- SOURCE MATERIAL -

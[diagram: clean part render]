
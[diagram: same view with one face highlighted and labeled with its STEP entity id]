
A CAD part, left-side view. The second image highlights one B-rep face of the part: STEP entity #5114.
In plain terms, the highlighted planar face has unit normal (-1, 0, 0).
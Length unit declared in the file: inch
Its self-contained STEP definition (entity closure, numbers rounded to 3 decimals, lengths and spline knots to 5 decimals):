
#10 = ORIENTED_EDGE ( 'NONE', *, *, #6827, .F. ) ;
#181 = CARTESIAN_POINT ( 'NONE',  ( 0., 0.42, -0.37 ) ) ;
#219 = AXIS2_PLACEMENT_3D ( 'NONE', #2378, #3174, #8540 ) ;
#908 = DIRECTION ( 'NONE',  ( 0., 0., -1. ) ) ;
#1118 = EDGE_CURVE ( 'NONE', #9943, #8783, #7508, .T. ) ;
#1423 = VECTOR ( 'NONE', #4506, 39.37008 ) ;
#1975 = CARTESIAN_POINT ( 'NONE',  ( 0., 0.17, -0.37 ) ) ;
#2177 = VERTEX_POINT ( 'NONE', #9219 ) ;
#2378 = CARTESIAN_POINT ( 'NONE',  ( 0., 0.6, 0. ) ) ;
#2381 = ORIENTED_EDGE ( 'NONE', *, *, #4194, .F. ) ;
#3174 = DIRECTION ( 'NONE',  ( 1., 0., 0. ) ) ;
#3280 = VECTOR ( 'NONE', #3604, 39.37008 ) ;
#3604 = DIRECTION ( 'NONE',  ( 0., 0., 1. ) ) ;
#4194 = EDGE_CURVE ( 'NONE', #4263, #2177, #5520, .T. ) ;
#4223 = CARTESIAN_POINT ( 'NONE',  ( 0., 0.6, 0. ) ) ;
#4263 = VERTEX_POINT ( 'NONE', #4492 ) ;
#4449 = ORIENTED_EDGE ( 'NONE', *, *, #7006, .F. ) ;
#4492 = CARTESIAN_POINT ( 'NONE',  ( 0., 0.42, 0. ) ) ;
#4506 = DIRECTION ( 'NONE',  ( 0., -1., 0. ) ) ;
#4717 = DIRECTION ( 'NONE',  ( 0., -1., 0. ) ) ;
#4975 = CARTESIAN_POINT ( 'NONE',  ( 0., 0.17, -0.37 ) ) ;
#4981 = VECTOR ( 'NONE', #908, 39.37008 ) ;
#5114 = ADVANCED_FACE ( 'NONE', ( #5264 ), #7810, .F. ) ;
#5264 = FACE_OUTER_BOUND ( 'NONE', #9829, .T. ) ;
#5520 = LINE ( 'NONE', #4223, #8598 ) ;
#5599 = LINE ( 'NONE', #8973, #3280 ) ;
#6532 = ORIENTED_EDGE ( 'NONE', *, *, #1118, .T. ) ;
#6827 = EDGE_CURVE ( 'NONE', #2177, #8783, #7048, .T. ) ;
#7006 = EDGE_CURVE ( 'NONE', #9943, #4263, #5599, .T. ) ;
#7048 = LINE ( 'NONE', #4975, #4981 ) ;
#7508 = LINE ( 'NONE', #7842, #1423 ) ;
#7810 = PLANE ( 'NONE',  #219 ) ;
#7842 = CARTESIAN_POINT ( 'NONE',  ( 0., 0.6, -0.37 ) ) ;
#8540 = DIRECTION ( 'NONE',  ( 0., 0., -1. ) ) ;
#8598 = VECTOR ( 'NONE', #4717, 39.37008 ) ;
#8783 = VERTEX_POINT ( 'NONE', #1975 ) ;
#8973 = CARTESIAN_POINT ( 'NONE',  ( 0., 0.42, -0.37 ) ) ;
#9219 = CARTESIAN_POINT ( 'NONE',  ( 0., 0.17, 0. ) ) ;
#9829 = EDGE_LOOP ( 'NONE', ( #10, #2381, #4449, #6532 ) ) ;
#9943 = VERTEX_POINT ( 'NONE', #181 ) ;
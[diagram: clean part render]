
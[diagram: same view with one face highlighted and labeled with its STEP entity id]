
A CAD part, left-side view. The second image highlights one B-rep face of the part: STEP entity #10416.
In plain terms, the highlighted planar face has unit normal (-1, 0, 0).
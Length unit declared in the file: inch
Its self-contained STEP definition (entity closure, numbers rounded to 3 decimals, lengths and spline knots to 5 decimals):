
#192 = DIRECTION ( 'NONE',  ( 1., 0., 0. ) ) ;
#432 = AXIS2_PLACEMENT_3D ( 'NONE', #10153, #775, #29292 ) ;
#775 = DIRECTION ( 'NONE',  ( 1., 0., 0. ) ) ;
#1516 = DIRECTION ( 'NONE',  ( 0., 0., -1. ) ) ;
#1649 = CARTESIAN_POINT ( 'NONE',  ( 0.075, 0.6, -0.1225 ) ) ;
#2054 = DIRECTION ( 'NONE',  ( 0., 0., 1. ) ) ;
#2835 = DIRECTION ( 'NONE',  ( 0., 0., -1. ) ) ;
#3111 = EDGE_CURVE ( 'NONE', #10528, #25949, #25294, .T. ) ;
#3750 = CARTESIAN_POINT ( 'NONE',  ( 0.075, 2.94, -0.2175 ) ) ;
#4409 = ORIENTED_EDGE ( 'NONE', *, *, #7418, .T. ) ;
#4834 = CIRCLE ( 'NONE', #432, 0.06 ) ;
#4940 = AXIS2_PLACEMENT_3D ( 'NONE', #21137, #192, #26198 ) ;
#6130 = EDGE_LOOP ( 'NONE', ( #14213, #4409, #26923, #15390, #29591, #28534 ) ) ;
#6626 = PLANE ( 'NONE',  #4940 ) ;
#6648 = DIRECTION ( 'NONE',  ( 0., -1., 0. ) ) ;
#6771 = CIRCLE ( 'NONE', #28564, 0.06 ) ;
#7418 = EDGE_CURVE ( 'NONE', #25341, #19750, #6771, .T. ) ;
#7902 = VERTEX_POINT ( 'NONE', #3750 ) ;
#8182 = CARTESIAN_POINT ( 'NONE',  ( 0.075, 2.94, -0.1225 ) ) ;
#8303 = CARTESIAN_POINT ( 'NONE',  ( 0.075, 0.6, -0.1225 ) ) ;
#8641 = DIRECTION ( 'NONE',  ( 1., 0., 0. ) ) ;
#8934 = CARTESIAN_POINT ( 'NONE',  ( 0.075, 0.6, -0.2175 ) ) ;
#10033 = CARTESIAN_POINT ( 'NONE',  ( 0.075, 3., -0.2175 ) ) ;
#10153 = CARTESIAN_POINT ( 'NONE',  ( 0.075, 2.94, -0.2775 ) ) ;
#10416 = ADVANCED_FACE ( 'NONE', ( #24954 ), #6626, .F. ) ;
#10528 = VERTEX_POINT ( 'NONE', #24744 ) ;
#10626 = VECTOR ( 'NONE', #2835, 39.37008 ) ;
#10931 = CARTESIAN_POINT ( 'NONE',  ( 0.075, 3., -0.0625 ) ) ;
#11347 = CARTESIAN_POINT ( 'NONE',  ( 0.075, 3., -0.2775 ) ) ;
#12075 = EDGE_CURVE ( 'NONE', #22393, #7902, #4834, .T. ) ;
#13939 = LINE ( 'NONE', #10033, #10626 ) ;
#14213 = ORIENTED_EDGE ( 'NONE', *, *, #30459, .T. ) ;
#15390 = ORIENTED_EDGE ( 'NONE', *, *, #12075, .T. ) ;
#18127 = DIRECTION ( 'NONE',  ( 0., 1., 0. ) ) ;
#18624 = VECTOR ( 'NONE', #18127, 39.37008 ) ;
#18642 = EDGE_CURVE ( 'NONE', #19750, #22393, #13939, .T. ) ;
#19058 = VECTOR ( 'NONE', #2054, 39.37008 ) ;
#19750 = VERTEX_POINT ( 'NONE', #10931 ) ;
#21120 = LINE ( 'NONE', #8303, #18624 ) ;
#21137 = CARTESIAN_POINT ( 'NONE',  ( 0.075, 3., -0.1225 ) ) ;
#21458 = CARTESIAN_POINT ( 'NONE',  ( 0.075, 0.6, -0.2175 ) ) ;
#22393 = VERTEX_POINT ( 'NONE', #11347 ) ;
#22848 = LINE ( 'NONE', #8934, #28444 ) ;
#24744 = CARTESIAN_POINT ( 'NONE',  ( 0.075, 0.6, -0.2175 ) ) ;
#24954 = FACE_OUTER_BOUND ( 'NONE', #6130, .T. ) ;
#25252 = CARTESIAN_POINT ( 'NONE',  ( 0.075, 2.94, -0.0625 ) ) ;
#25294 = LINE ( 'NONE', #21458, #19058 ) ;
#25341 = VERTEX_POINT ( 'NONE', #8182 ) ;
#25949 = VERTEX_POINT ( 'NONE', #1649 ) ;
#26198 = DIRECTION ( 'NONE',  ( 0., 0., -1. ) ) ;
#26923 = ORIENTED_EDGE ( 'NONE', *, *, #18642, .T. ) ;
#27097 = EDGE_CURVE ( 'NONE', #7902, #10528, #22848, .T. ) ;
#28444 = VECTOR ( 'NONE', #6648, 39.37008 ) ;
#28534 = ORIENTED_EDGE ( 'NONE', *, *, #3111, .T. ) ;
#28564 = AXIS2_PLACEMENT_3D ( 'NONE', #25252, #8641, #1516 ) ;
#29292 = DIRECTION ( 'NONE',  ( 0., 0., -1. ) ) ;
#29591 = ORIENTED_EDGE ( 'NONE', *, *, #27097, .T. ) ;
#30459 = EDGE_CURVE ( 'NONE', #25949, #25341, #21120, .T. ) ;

- TASK DETAILS -
Among the lines above, find the one with "#24954 = FACE_OUTER_BOUND" and the one with "#26923 = ORIENTED_EDGE". Quote both and everything between them, exactly.

- EXERCISE SOLUTION -
#24954 = FACE_OUTER_BOUND ( 'NONE', #6130, .T. ) ;
#25252 = CARTESIAN_POINT ( 'NONE',  ( 0.075, 2.94, -0.0625 ) ) ;
#25294 = LINE ( 'NONE', #21458, #19058 ) ;
#25341 = VERTEX_POINT ( 'NONE', #8182 ) ;
#25949 = VERTEX_POINT ( 'NONE', #1649 ) ;
#26198 = DIRECTION ( 'NONE',  ( 0., 0., -1. ) ) ;
#26923 = ORIENTED_EDGE ( 'NONE', *, *, #18642, .T. ) ;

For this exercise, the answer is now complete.